Task to complete → Find and return every line of the data that contains the word "close".

(Records contained in a dataset)
_ _ _ _

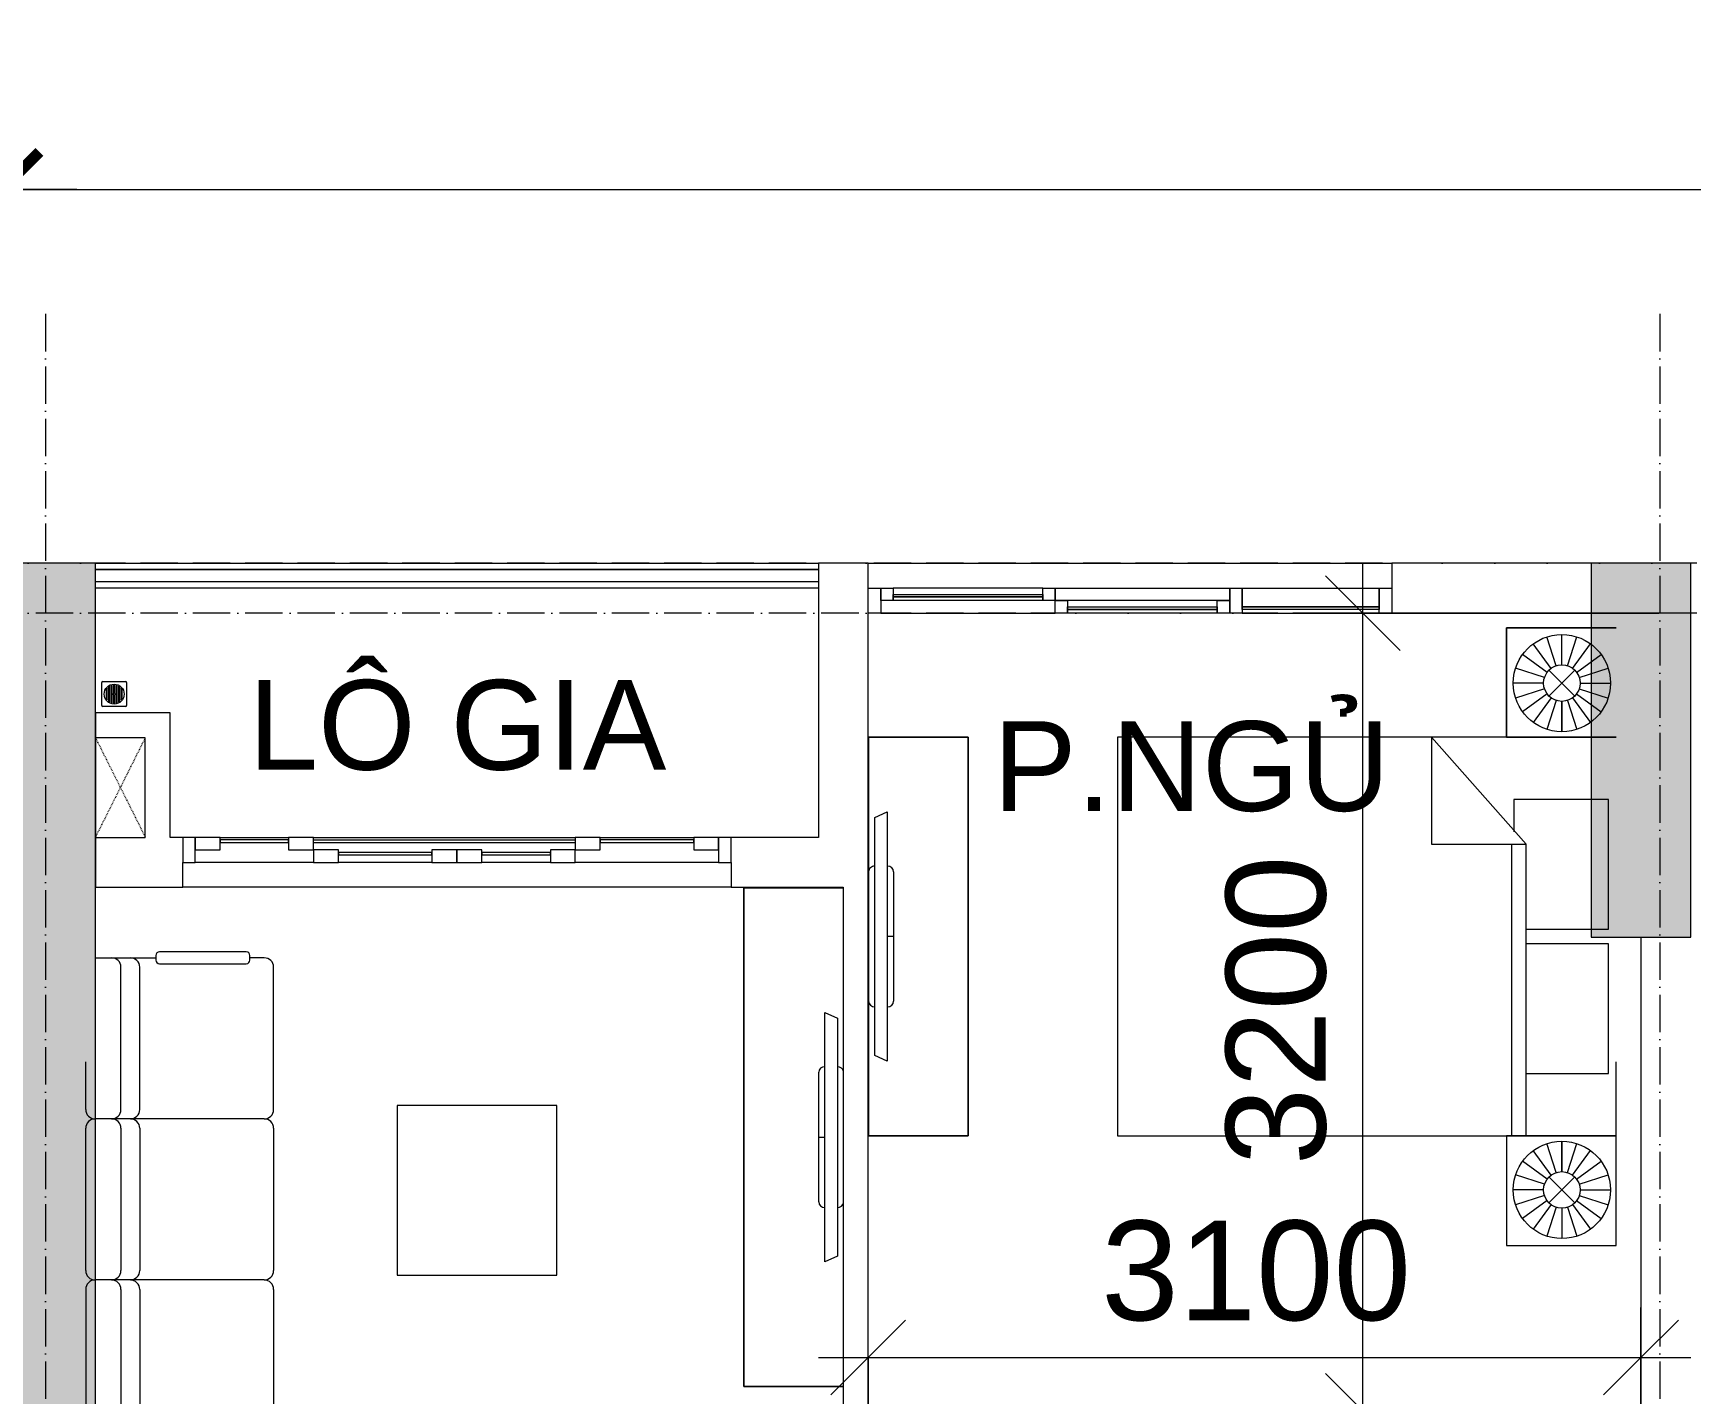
# Model space of a CAD drawing. Header units: millimetres. Extents: x -20215 to 101892, y -17414 to 45470.
# Drawn here: x 1451 to 8101, y 39268 to 44727 of the extents above; entities that cross this region are included whole.
import ezdxf

# ---------------------------------------------------------------- set-up
doc = ezdxf.new("R2010")
doc.units = ezdxf.units.MM
doc.linetypes.add('Dash', pattern=[6.35, 3.175, -3.175])
doc.linetypes.add('Grid Line', pattern=[4.2, 3, -0.6, 0, -0.6])
for name, color, linetype, lineweight in [('A-DETL-GENF', 31, 'Continuous', 5), ('A-DETL-GENF-HDLN', 161, 'Dash', 5), ('CHU', 181, 'Continuous', 5), ('CUA', 31, 'Continuous', 9), ('DIM', 1, 'Continuous', 5), ('DIM-200', 1, 'Continuous', 5), ('NET THAY 1', 41, 'Continuous', 5), ('NET-CAT', 3, 'Continuous', 15), ('NET-THAY', 2, 'Continuous', 9), ('THIET BI', 44, 'Continuous', 5), ('THIET-BI', 44, 'Continuous', 5), ('TRUC', 225, 'Continuous', 5), ('X-COT HAM$0$LC.HA', 8, 'Continuous', 9)]:
    doc.layers.add(name, color=color, linetype=linetype, lineweight=lineweight)
doc.styles.add('Arial_1', font='arial_0.ttf', dxfattribs={"height": 400})
doc.styles.add('Arial_6', font='arial_0.ttf', dxfattribs={"height": 360})
doc.styles.add('TA1', font='arial_0.ttf')
doc.dimstyles.new('D_200_KTx2', dxfattribs={"dimtxt": 400, "dimasz": 300, "dimexe": 300, "dimexo": 300, "dimgap": 160, "dimtad": 1, "dimdec": 0, "dimzin": 9, "dimtxsty": 'TA1', "dimblk": 'ARCHTICK', "dimcen": 1, "dimdle": 300, "dimclrd": 256, "dimclre": 256, "dimclrt": 7, "dimadec": 0, "dimazin": 0, "dimtfac": 1, "dimtdec": 0, "dimtix": 1, "dimtmove": 1, "dimatfit": 3, "dimldrblk": 'ARCHTICK', "dimfxl": 0, "dimtolj": 1, "dimtzin": 0, "dimlwd": -1, "dimlwe": -1, "dimarcsym": 0})
doc.dimstyles.new('Diagonal_-_2mm_Arial', dxfattribs={"dimscale": 304.8, "dimtxt": 408.10376, "dimasz": 0.984252, "dimexe": 0.656168, "dimexo": 4.593176, "dimgap": 0.098425, "dimtad": 1, "dimdec": 0, "dimzin": 0, "dimdsep": 46, "dimtxsty": 'Arial_1', "dimblk1": 'OBLIQUE', "dimblk2": 'OBLIQUE', "dimsah": 1, "dimcen": 0.09, "dimdle": 0.656168, "dimazin": 0, "dimtfac": 1, "dimtdec": 4, "dimtix": 1, "dimtmove": 0, "dimatfit": 3, "dimfxl": 0, "dimtvp": 1, "dimtolj": 1, "dimtzin": 0, "dimlwd": 9, "dimlwe": 9, "dimarcsym": 0})

# ---------------------------------------------------------------- blocks, each defined once
blk = doc.blocks.new('ALC1807-ASCENT PLAZA-KET CAU_rvt-1-MẶT BẰNG TẦNG 4')
at = {"layer": 'X-COT HAM$0$LC.HA'}
h = blk.add_hatch(color=256, dxfattribs=at)
h.dxf.hatch_style = 1
h.paths.add_polyline_path([(1700.5, 42599.9), (1300.5, 42599.9), (1300.5, 32799.9), (1700.5, 32799.9)])
h = blk.add_hatch(color=256, dxfattribs=at)
h.dxf.hatch_style = 1
h.paths.add_polyline_path([(8100.5, 42599.9), (7700.5, 42599.9), (7700.5, 41099.9), (8100.5, 41099.9)])
at = {"ltscale": 1000}
blk.add_lwpolyline([(1700.5, 42599.9), (1300.5, 42599.9), (1300.5, 32799.9), (1700.5, 32799.9)], close=True, dxfattribs=at)
at = {"ltscale": 1000, "elevation": 0}
blk.add_lwpolyline([(8100.5, 42599.9), (7700.5, 42599.9), (7700.5, 41099.9), (8100.5, 41099.9)], close=True, dxfattribs=at)
blk = doc.blocks.new('X-PHEU - X-PHEU-1231512-MẶT BẰNG TẦNG 4')
at = {"layer": 'THIET-BI'}
for p, q in [((25, 29), (25, 121)), ((29, 125), (121, 125)), ((42.5, 90.5), (42.5, 59.5)), ((47.5, 51.8), (47.5, 98.2)), ((52.5, 103.1), (52.5, 46.9)), ((57.5, 43.5), (57.5, 106.5)), ((62.5, 108.8), (62.5, 41.2)), ((67.5, 39.8), (67.5, 110.2)), ((72.5, 110.9), (72.5, 78.1)), ((72.5, 71.9), (72.5, 39.1)), ((77.5, 78.1), (77.5, 110.9)), ((77.5, 39.1), (77.5, 71.9)), ((82.5, 110.2), (82.5, 39.8)), ((87.5, 41.2), (87.5, 108.8)), ((92.5, 106.5), (92.5, 43.5)), ((97.5, 46.9), (97.5, 103.1)), ((102.5, 98.2), (102.5, 51.8)), ((107.5, 59.5), (107.5, 90.5)), ((125, 121), (125, 29)), ((121, 25), (29, 25))]:
    blk.add_line(p, q, dxfattribs=at)
blk.add_circle((75, 75), 40, dxfattribs=at)
for centre, radius, start, end in [((29, 121), 4, 90, 180), ((75, 75), 36, 139.80824, 154.52563), ((75, 75), 36, 119.0853, 128.68219), ((75, 75), 36, 102.0247, 110.31751), ((75, 75), 4, 128.68219, 231.31781), ((75, 75), 36, 90, 93.98208), ((75, 75), 36, 86.01792, 90), ((75, 75), 4, 308.68219, 51.31781), ((75, 75), 36, 69.68249, 77.9753), ((75, 75), 36, 51.31781, 60.9147), ((75, 75), 36, 25.47437, 40.19176), ((121, 121), 4, 0, 90), ((29, 29), 4, 180, 270), ((75, 75), 36, 205.47437, 220.19176), ((75, 75), 36, 231.31781, 240.9147), ((75, 75), 36, 249.68249, 257.9753), ((75, 75), 36, 266.01792, 270), ((75, 75), 36, 270, 273.98208), ((75, 75), 36, 282.0247, 290.31751), ((75, 75), 36, 299.0853, 308.68219), ((75, 75), 36, 319.80824, 334.52563), ((121, 29), 4, 270, 360)]:
    blk.add_arc(centre, radius, start, end, dxfattribs=at)
blk = doc.blocks.new('X-SOFA1 - X-SOFA-V49-MẶT BẰNG TẦNG 4')
at = {"layer": 'THIET BI'}
for p, q in [((-753.8, 360.8), (-753.8, 931.5)), ((-716.2, 969.2), (-658.4, 969.2)), ((-658.4, 959.8), (-658.4, 978.7)), ((-644.3, 992.8), (-295.7, 992.8)), ((-295.7, 945.7), (-644.3, 945.7)), ((-281.5, 978.7), (-281.5, 959.8)), ((-281.5, 969.2), (-103.7, 969.2)), ((-216.7, 360.8), (-216.7, 931.5)), ((-141.3, 360.8), (-141.3, 931.5)), ((-103.7, 969.2), (-37.7, 969.2)), ((0, 360.8), (0, 931.5)), ((-1250, 303.6), (-1890, 303.6)), ((-1890, 303.6), (-1890, -376.4)), ((-1890, 303.6), (-1890, -376.4)), ((-1250, 303.6), (-1890, 303.6)), ((-1250, -376.4), (-1250, 303.6)), ((-1250, -376.4), (-1250, 303.6)), ((-753.8, -285.4), (-753.8, 285.4)), ((-716.2, 323.1), (-103.7, 323.1)), ((-216.7, -285.4), (-216.7, 285.4)), ((-141.3, -285.4), (-141.3, 285.4)), ((-103.7, 323.1), (-37.7, 323.1)), ((0, 285.4), (0, -285.4)), ((-716.2, -323.1), (-37.7, -323.1)), ((-1890, -376.4), (-1250, -376.4)), ((-1890, -376.4), (-1250, -376.4)), ((-753.8, -360.8), (-753.8, -931.5)), ((-216.7, -360.8), (-216.7, -931.5)), ((-141.3, -360.8), (-141.3, -931.5)), ((0, -360.8), (0, -552.3)), ((-716.2, -969.2), (-658.4, -969.2)), ((-658.4, -959.8), (-658.4, -978.7)), ((-295.7, -945.7), (-644.3, -945.7)), ((-644.3, -992.8), (-295.7, -992.8)), ((-281.5, -978.7), (-281.5, -959.8)), ((-103.7, -969.2), (-281.5, -969.2)), ((-39.1, -969.2), (-103.7, -969.2))]:
    blk.add_line(p, q, dxfattribs=at)
for centre, radius, start, end in [((-716.2, 931.5), 37.7, 90, 180), ((-644.3, 978.7), 14.1, 90, 180), ((-644.3, 959.8), 14.1, 180, 270), ((-295.7, 978.7), 14.1, 360, 90), ((-295.7, 959.8), 14.1, 270, 0), ((-179, 931.5), 37.7, 90, 180), ((-103.7, 931.5), 37.7, 90, 180), ((-37.7, 931.5), 37.7, 360, 90), ((-716.2, 360.8), 37.7, 180, 270), ((-179, 360.8), 37.7, 180, 270), ((-103.7, 360.8), 37.7, 180, 270), ((-37.7, 360.8), 37.7, 270, 0), ((-716.2, 285.4), 37.7, 90, 180), ((-179, 285.4), 37.7, 90, 180), ((-103.7, 285.4), 37.7, 90, 180), ((-37.7, 285.4), 37.7, 360, 90), ((-716.2, -285.4), 37.7, 180, 270), ((-716.2, -360.8), 37.7, 90, 180), ((-179, -285.4), 37.7, 180, 270), ((-179, -360.8), 37.7, 90, 180), ((-103.7, -285.4), 37.7, 180, 270), ((-103.7, -360.8), 37.7, 90, 180), ((-37.7, -285.4), 37.7, 270, 0), ((-37.7, -360.8), 37.7, 360, 90), ((-716.2, -931.5), 37.7, 180, 270), ((-644.3, -959.8), 14.1, 90, 180), ((-644.3, -978.7), 14.1, 180, 270), ((-295.7, -959.8), 14.1, 360, 90), ((-295.7, -978.7), 14.1, 270, 0), ((-179, -931.5), 37.7, 180, 270), ((-103.7, -931.5), 37.7, 180, 270)]:
    blk.add_arc(centre, radius, start, end, dxfattribs=at)
blk = doc.blocks.new('X-GIUONG1 - X-GIUONG-V50-MẶT BẰNG TẦNG 4')
at = {"layer": 'THIET BI'}
for p, q in [((-1239, 0), (-1239, -439)), ((-1239, -439), (-1239, 0)), ((-1059.6, -158.2), (-1131.2, -59.5)), ((-1039.2, -147.8), (-1076.9, -31.8)), ((-1016.6, -144.2), (-1016.6, -22.2)), ((-993.9, -147.8), (-956.3, -31.8)), ((-973.5, -158.2), (-901.9, -59.5)), ((-800, -439), (-800, 0)), ((-800, 0), (-800, -2000)), ((-800, 0), (-800, -439)), ((-800, 0), (-800, -2000)), ((-550, -30), (-550, -410)), ((-30, -30), (-550, -30)), ((-30, -360), (-30, -30)), ((30, -30), (30, -360)), ((550, -30), (30, -30)), ((800, 0), (502.5, 0)), ((800, 0), (502.5, 0)), ((550, -360), (550, -30)), ((1239, 0), (800, 0)), ((800, 0), (800, -439)), ((800, -2000), (800, 0)), ((1239, 0), (800, 0)), ((800, 0), (800, -439)), ((800, -2000), (800, 0)), ((973.5, -158.2), (901.9, -59.5)), ((993.9, -147.8), (956.3, -31.8)), ((1016.6, -144.2), (1016.6, -22.2)), ((1039.2, -147.8), (1076.9, -31.8)), ((1059.6, -158.2), (1131.2, -59.5)), ((1239, -439), (1239, 0)), ((1239, -439), (1239, 0)), ((-1075.8, -174.4), (-1174.4, -102.7)), ((-957.4, -174.4), (-858.7, -102.7)), ((957.4, -174.4), (858.7, -102.7)), ((1075.8, -174.4), (1174.4, -102.7)), ((-1086.1, -194.8), (-1202.1, -157.1)), ((-1068.3, -269.1), (-964.8, -165.6)), ((-1068.3, -165.6), (-964.8, -269.1)), ((-947, -194.8), (-831, -157.1)), ((947, -194.8), (831, -157.1)), ((1068.3, -269.1), (964.8, -165.6)), ((1068.3, -165.6), (964.8, -269.1)), ((1086.1, -194.8), (1202.1, -157.1)), ((-1089.7, -217.4), (-1211.7, -217.4)), ((-1086.1, -240), (-1202.1, -277.7)), ((-1075.8, -260.4), (-1174.4, -332.1)), ((-957.4, -260.4), (-858.7, -332.1)), ((-947, -240), (-831, -277.7)), ((-943.4, -217.4), (-821.4, -217.4)), ((-821.4, -217.4), (-943.4, -217.4)), ((943.4, -217.4), (821.4, -217.4)), ((821.4, -217.4), (943.4, -217.4)), ((947, -240), (831, -277.7)), ((957.4, -260.4), (858.7, -332.1)), ((1075.8, -260.4), (1174.4, -332.1)), ((1086.1, -240), (1202.1, -277.7)), ((1089.7, -217.4), (1211.7, -217.4)), ((-1059.6, -276.6), (-1131.2, -375.2)), ((-1039.2, -287), (-1076.9, -402.9)), ((-1016.6, -290.5), (-1016.6, -412.5)), ((-993.9, -287), (-956.3, -402.9)), ((-973.5, -276.6), (-901.9, -375.2)), ((973.5, -276.6), (901.9, -375.2)), ((993.9, -287), (956.3, -402.9)), ((1016.6, -290.5), (1016.6, -412.5)), ((1039.2, -287), (1076.9, -402.9)), ((1059.6, -276.6), (1131.2, -375.2)), ((-370, -360), (-800, -740)), ((-370, -740), (-370, -360)), ((800, -360), (-370, -360)), ((-1239, -439), (-800, -439)), ((-800, -439), (-1239, -439)), ((-550, -410), (-420, -410)), ((-370, -420), (800, -420)), ((800, -439), (1239, -439)), ((800, -439), (1239, -439)), ((-800, -740), (-370, -740)), ((-800, -2000), (800, -2000)), ((-800, -2000), (800, -2000))]:
    blk.add_line(p, q, dxfattribs=at)
for centre, radius in [((-1016.6, -217.4), 195.1), ((1016.6, -217.4), 195.1), ((-1016.6, -217.4), 73.2), ((1016.6, -217.4), 73.2)]:
    blk.add_circle(centre, radius, dxfattribs=at)
blk = doc.blocks.new('X-TV1 - X-TV-V51-MẶT BẰNG TẦNG 4')
at = {"layer": 'THIET BI'}
for p, q in [((2000, 400), (0, 400)), ((0, 400), (0, 1.4)), ((0, 400), (2000, 400)), ((0, 1.4), (0, 400)), ((2000, 1.4), (2000, 400)), ((2000, 400), (2000, 1.4)), ((500, 75), (1500, 75)), ((522.5, 25), (500, 75)), ((740, 100), (1260, 100)), ((1000, 100), (1000, 75)), ((1500, 75), (1477.5, 25)), ((1477.5, 25), (522.5, 25))]:
    blk.add_line(p, q, dxfattribs=at)
for centre, start_param, end_param in [((740, 75), 0, 1.570796), ((1260, 75), 4.712389, 6.283185), ((740, 25), 1.570796, 2.992895), ((1260, 25), 3.290291, 4.712389)]:
    blk.add_ellipse(centre, major_axis=(0, 25), ratio=0.9, start_param=start_param, end_param=end_param, dxfattribs=at)
blk = doc.blocks.new('X-TV1 - X-TV 4-1305648-MẶT BẰNG TẦNG 4')
at = {"layer": 'THIET BI'}
for p, q in [((1600, 400), (0, 400)), ((0, 400), (0, 0)), ((0, 400), (1600, 400)), ((0, 0), (0, 400)), ((1600, 0), (1600, 400)), ((1600, 400), (1600, 0)), ((300, 75), (1300, 75)), ((322.5, 25), (300, 75)), ((540, 100), (1060, 100)), ((800, 100), (800, 75)), ((1300, 75), (1277.5, 25)), ((1277.5, 25), (322.5, 25)), ((0, 0), (1600, 0)), ((1060, 0), (540, 0))]:
    blk.add_line(p, q, dxfattribs=at)
for centre, start_param, end_param in [((540, 75), 0, 1.570796), ((1060, 75), 4.712389, 6.283185), ((540, 25), 1.570796, 3.141593), ((1060, 25), 3.141593, 4.712389)]:
    blk.add_ellipse(centre, major_axis=(0, 25), ratio=0.9, start_param=start_param, end_param=end_param, dxfattribs=at)
blk = doc.blocks.new('CUA LO GIA - DB6-1834140-MẶT BẰNG TẦNG 4')
at = {"layer": 'CUA'}
for p, q in [((-1050, 100), (-1100, 100)), ((-1100, 100), (-1100, 0)), ((-950, 100), (-1050, 100)), ((-1050, 100), (-1050, 50)), ((-1050, 0), (-1050, 100)), ((-950, 50), (-950, 100)), ((-950, 100), (-675, 100)), ((-675, 90), (-950, 90)), ((-950, 90), (-950, 80)), ((-950, 80), (-675, 80)), ((-575, 100), (-675, 100)), ((-675, 100), (-675, 50)), ((-675, 80), (-675, 90)), ((-575, 50), (-575, 100)), ((-575, 100), (475, 100)), ((-575, 90), (475, 90)), ((-575, 80), (475, 80)), ((575, 100), (475, 100)), ((475, 100), (475, 50)), ((575, 50), (575, 100)), ((575, 100), (950, 100)), ((950, 90), (575, 90)), ((575, 90), (575, 80)), ((575, 80), (950, 80)), ((1050, 100), (950, 100)), ((950, 100), (950, 50)), ((950, 80), (950, 90)), ((1050, 50), (1050, 100)), ((1100, 100), (1050, 100)), ((1050, 100), (1050, 0)), ((1100, 0), (1100, 100)), ((-1100, 0), (-1050, 0)), ((-1050, 50), (-950, 50)), ((-575, 0), (-1050, 0)), ((-675, 50), (-575, 50)), ((-475, 50), (-575, 50)), ((-575, 50), (-575, 0)), ((-575, 0), (-475, 0)), ((-475, 0), (-475, 50)), ((-100, 40), (-475, 40)), ((-475, 40), (-475, 30)), ((-475, 30), (-100, 30)), ((-100, 0), (-475, 0)), ((0, 50), (-100, 50)), ((-100, 50), (-100, 0)), ((-100, 30), (-100, 40)), ((-100, 0), (0, 0)), ((100, 50), (0, 50)), ((0, 50), (0, 0)), ((0, 0), (0, 50)), ((0, 0), (100, 0)), ((100, 0), (100, 50)), ((375, 40), (100, 40)), ((100, 40), (100, 30)), ((100, 30), (375, 30)), ((375, 0), (100, 0)), ((475, 50), (375, 50)), ((375, 50), (375, 0)), ((375, 30), (375, 40)), ((375, 0), (475, 0)), ((475, 50), (575, 50)), ((475, 0), (475, 50)), ((1050, 0), (475, 0)), ((950, 50), (1050, 50)), ((1050, 0), (1100, 0))]:
    blk.add_line(p, q, dxfattribs=at)
blk = doc.blocks.new('X-PHONG NGU 2 - X-PHONG NGU 2_Recovery_-1759961-MẶT BẰNG TẦNG 4')
at = {"layer": 'CUA'}
for p, q in [((-1050, 100), (-1000, 100)), ((-1050, 0), (-1050, 100)), ((-1000, 100), (-1000, 0)), ((-450, 100), (-1000, 100)), ((-1000, 85), (-450, 85)), ((-1000, 75), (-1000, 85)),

_ _ _ _

Answer space →
blk.add_lwpolyline([(1700.5, 42599.9), (1300.5, 42599.9), (1300.5, 32799.9), (1700.5, 32799.9)], close=True, dxfattribs=at)
blk.add_lwpolyline([(8100.5, 42599.9), (7700.5, 42599.9), (7700.5, 41099.9), (8100.5, 41099.9)], close=True, dxfattribs=at)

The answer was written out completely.